DATA FOR REVIEW
━━━

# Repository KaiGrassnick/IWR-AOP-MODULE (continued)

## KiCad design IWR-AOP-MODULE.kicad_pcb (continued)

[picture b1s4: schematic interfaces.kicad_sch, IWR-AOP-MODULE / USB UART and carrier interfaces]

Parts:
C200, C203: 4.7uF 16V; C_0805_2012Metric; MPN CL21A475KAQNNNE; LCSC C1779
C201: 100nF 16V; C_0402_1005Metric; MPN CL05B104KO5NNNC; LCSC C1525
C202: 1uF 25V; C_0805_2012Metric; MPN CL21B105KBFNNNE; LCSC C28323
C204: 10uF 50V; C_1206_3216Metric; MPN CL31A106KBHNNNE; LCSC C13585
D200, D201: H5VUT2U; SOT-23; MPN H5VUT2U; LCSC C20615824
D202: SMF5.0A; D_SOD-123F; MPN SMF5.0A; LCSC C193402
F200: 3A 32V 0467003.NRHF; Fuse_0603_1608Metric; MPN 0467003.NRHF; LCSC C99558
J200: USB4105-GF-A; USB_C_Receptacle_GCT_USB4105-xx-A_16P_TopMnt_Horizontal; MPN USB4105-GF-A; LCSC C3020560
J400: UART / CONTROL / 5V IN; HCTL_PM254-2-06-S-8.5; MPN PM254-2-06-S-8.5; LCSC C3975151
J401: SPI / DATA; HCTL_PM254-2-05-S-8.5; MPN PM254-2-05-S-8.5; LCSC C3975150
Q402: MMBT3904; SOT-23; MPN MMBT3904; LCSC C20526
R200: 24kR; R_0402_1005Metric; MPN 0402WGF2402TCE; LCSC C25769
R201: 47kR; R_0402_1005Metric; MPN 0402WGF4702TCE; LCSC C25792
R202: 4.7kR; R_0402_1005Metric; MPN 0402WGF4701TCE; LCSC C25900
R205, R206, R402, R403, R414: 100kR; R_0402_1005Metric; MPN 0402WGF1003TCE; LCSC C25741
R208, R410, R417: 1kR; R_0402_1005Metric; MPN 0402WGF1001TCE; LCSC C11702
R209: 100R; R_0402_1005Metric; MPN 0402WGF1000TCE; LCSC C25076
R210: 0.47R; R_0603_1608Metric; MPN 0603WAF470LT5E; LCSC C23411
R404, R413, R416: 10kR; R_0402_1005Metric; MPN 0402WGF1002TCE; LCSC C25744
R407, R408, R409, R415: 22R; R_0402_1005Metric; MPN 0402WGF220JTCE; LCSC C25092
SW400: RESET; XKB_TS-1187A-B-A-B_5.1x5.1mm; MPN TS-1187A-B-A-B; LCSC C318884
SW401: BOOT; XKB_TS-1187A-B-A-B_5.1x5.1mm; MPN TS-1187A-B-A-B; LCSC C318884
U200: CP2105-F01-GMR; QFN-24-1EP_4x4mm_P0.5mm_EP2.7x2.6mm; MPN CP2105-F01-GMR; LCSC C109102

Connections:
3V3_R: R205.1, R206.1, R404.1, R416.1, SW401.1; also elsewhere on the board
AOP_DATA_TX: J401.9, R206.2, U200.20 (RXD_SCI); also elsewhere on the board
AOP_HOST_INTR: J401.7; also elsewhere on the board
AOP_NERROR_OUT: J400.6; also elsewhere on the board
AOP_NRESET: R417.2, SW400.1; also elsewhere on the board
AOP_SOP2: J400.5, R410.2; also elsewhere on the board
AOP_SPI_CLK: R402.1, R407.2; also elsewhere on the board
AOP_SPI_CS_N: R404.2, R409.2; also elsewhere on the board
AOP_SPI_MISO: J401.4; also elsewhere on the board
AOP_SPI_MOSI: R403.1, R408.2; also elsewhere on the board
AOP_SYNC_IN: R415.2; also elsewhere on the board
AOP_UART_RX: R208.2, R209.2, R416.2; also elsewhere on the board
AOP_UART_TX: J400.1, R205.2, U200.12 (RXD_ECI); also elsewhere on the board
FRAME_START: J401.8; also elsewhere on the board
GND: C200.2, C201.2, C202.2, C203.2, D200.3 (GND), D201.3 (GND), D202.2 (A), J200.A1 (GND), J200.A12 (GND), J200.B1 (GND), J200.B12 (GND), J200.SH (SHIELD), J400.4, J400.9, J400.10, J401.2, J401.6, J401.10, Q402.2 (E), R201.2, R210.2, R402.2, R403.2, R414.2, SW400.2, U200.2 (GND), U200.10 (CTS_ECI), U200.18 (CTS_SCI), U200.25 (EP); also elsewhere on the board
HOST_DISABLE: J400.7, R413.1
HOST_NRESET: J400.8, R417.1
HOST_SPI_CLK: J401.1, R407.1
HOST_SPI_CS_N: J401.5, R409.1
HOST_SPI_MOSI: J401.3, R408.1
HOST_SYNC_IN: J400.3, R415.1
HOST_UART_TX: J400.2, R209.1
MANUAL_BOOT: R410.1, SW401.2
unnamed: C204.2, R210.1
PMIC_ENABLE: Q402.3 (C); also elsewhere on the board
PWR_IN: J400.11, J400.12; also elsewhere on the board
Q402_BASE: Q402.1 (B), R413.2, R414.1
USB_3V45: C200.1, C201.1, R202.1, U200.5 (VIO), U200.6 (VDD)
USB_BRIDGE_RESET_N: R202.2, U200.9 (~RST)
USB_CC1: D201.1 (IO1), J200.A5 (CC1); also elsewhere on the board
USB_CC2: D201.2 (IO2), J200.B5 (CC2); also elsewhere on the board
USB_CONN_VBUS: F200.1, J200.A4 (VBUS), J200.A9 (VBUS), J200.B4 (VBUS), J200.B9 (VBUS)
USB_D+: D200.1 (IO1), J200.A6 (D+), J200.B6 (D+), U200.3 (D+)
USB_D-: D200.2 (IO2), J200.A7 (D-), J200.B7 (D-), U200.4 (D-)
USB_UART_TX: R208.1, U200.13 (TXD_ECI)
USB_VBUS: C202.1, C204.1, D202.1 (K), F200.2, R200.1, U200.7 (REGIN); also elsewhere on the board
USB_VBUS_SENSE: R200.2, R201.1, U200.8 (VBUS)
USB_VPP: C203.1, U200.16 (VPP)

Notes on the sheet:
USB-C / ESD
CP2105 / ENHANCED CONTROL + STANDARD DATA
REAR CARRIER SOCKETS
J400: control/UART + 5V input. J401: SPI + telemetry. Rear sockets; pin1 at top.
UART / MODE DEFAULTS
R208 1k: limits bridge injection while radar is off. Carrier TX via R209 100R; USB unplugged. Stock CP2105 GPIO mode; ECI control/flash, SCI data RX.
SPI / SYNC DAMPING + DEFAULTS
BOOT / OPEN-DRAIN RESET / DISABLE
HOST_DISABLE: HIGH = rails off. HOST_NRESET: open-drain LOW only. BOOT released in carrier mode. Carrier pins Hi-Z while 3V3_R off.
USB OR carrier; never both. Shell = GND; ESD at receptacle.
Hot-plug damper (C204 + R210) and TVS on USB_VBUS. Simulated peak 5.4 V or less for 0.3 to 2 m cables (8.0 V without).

━━━

PROMPT
Above are the records. Copy the lines beginning at the one that has "MANUAL_BOOT: R410.1, SW401.2" and ending with the one that has "BOOT / OPEN-DRAIN RESET / DISABLE", unchanged.

SOLVED PROBLEM
MANUAL_BOOT: R410.1, SW401.2
unnamed: C204.2, R210.1
PMIC_ENABLE: Q402.3 (C); also elsewhere on the board
PWR_IN: J400.11, J400.12; also elsewhere on the board
Q402_BASE: Q402.1 (B), R413.2, R414.1
USB_3V45: C200.1, C201.1, R202.1, U200.5 (VIO), U200.6 (VDD)
USB_BRIDGE_RESET_N: R202.2, U200.9 (~RST)
USB_CC1: D201.1 (IO1), J200.A5 (CC1); also elsewhere on the board
USB_CC2: D201.2 (IO2), J200.B5 (CC2); also elsewhere on the board
USB_CONN_VBUS: F200.1, J200.A4 (VBUS), J200.A9 (VBUS), J200.B4 (VBUS), J200.B9 (VBUS)
USB_D+: D200.1 (IO1), J200.A6 (D+), J200.B6 (D+), U200.3 (D+)
USB_D-: D200.2 (IO2), J200.A7 (D-), J200.B7 (D-), U200.4 (D-)
USB_UART_TX: R208.1, U200.13 (TXD_ECI)
USB_VBUS: C202.1, C204.1, D202.1 (K), F200.2, R200.1, U200.7 (REGIN); also elsewhere on the board
USB_VBUS_SENSE: R200.2, R201.1, U200.8 (VBUS)
USB_VPP: C203.1, U200.16 (VPP)

Notes on the sheet:
USB-C / ESD
CP2105 / ENHANCED CONTROL + STANDARD DATA
REAR CARRIER SOCKETS
J400: control/UART + 5V input. J401: SPI + telemetry. Rear sockets; pin1 at top.
UART / MODE DEFAULTS
R208 1k: limits bridge injection while radar is off. Carrier TX via R209 100R; USB unplugged. Stock CP2105 GPIO mode; ECI control/flash, SCI data RX.
SPI / SYNC DAMPING + DEFAULTS
BOOT / OPEN-DRAIN RESET / DISABLE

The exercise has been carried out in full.